» Records to process
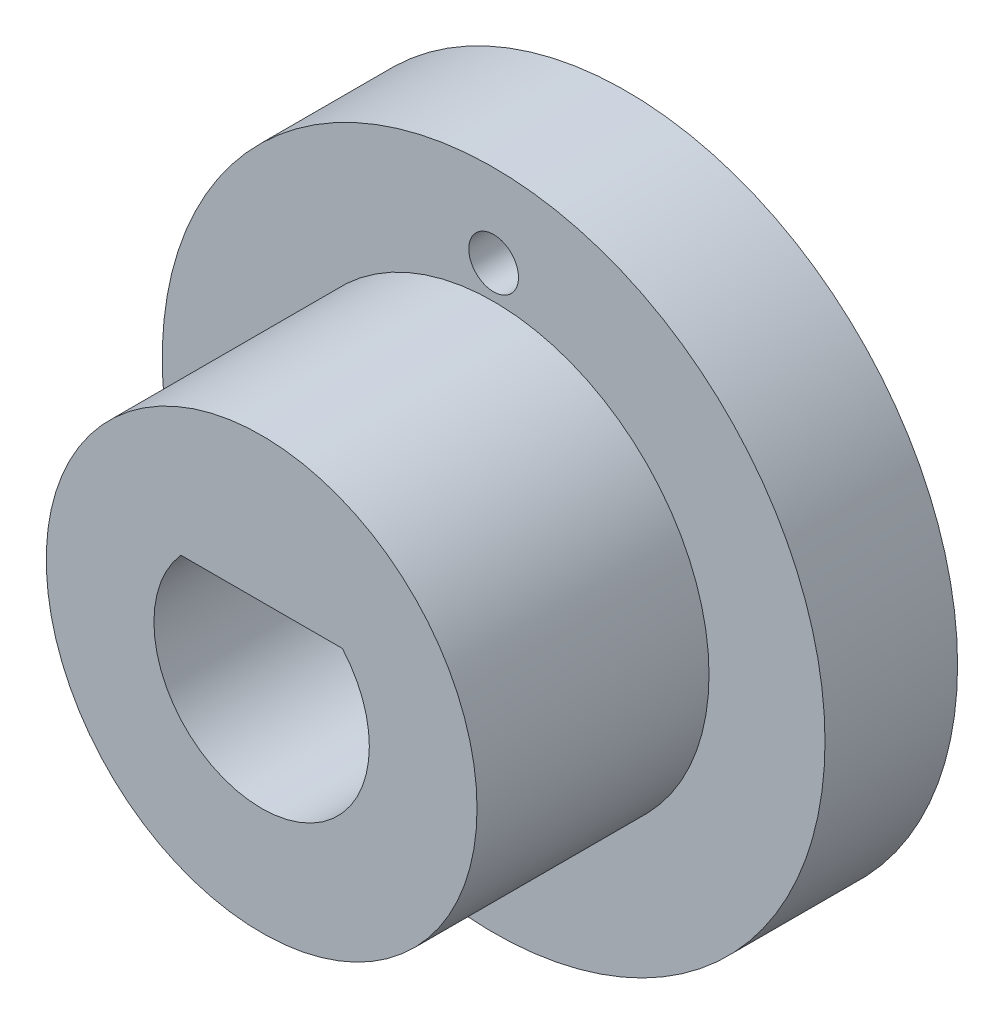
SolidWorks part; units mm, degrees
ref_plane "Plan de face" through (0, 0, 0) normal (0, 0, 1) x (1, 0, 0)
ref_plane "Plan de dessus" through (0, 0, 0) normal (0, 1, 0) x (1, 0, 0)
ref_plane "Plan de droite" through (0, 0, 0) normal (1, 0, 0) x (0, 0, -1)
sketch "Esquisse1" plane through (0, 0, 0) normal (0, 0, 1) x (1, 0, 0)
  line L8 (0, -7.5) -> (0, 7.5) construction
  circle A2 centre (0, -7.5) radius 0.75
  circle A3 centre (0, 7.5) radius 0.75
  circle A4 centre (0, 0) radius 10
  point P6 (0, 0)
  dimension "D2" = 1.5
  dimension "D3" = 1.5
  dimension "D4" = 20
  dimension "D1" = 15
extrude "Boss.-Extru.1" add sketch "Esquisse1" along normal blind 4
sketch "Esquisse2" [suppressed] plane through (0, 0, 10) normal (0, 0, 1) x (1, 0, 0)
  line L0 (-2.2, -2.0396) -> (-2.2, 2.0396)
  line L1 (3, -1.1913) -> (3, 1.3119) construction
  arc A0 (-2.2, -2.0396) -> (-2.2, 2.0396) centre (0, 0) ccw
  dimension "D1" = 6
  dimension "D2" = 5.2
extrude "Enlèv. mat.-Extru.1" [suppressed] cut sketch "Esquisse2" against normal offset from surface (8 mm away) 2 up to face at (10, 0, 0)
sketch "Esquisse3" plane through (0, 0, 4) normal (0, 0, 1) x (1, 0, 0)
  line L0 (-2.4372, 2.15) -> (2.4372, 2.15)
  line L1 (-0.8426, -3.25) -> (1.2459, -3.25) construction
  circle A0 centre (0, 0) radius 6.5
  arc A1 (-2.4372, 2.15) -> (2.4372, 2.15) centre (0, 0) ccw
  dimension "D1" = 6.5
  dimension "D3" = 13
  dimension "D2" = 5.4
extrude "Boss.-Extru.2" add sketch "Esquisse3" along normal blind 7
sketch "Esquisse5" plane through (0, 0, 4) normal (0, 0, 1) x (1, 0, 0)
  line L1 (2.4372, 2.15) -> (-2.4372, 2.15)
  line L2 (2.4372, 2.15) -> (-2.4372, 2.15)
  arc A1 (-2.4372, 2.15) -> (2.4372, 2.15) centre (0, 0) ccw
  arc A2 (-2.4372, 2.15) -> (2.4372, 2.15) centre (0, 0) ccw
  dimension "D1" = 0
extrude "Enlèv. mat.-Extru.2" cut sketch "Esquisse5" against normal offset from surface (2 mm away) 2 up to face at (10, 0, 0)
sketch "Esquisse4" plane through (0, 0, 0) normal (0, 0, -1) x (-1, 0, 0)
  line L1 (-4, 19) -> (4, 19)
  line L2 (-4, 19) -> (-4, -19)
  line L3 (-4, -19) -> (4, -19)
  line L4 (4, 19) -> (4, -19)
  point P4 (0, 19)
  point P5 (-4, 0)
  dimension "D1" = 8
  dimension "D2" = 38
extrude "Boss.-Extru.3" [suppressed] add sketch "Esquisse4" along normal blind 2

» Task directions
Your copy of the entries above must be exact and must not include pictures.

» Answer to the problem
SolidWorks part; units mm, degrees
ref_plane "Plan de face" through (0, 0, 0) normal (0, 0, 1) x (1, 0, 0)
ref_plane "Plan de dessus" through (0, 0, 0) normal (0, 1, 0) x (1, 0, 0)
ref_plane "Plan de droite" through (0, 0, 0) normal (1, 0, 0) x (0, 0, -1)
sketch "Esquisse1" plane through (0, 0, 0) normal (0, 0, 1) x (1, 0, 0)
  line L8 (0, -7.5) -> (0, 7.5) construction
  circle A2 centre (0, -7.5) radius 0.75
  circle A3 centre (0, 7.5) radius 0.75
  circle A4 centre (0, 0) radius 10
  point P6 (0, 0)
  dimension "D2" = 1.5
  dimension "D3" = 1.5
  dimension "D4" = 20
  dimension "D1" = 15
extrude "Boss.-Extru.1" add sketch "Esquisse1" along normal blind 4
sketch "Esquisse2" [suppressed] plane through (0, 0, 10) normal (0, 0, 1) x (1, 0, 0)
  line L0 (-2.2, -2.0396) -> (-2.2, 2.0396)
  line L1 (3, -1.1913) -> (3, 1.3119) construction
  arc A0 (-2.2, -2.0396) -> (-2.2, 2.0396) centre (0, 0) ccw
  dimension "D1" = 6
  dimension "D2" = 5.2
extrude "Enlèv. mat.-Extru.1" [suppressed] cut sketch "Esquisse2" against normal offset from surface (8 mm away) 2 up to face at (10, 0, 0)
sketch "Esquisse3" plane through (0, 0, 4) normal (0, 0, 1) x (1, 0, 0)
  line L0 (-2.4372, 2.15) -> (2.4372, 2.15)
  line L1 (-0.8426, -3.25) -> (1.2459, -3.25) construction
  circle A0 centre (0, 0) radius 6.5
  arc A1 (-2.4372, 2.15) -> (2.4372, 2.15) centre (0, 0) ccw
  dimension "D1" = 6.5
  dimension "D3" = 13
  dimension "D2" = 5.4
extrude "Boss.-Extru.2" add sketch "Esquisse3" along normal blind 7
sketch "Esquisse5" plane through (0, 0, 4) normal (0, 0, 1) x (1, 0, 0)
  line L1 (2.4372, 2.15) -> (-2.4372, 2.15)
  line L2 (2.4372, 2.15) -> (-2.4372, 2.15)
  arc A1 (-2.4372, 2.15) -> (2.4372, 2.15) centre (0, 0) ccw
  arc A2 (-2.4372, 2.15) -> (2.4372, 2.15) centre (0, 0) ccw
  dimension "D1" = 0
extrude "Enlèv. mat.-Extru.2" cut sketch "Esquisse5" against normal offset from surface (2 mm away) 2 up to face at (10, 0, 0)
sketch "Esquisse4" plane through (0, 0, 0) normal (0, 0, -1) x (-1, 0, 0)
  line L1 (-4, 19) -> (4, 19)
  line L2 (-4, 19) -> (-4, -19)
  line L3 (-4, -19) -> (4, -19)
  line L4 (4, 19) -> (4, -19)
  point P4 (0, 19)
  point P5 (-4, 0)
  dimension "D1" = 8
  dimension "D2" = 38
extrude "Boss.-Extru.3" [suppressed] add sketch "Esquisse4" along normal blind 2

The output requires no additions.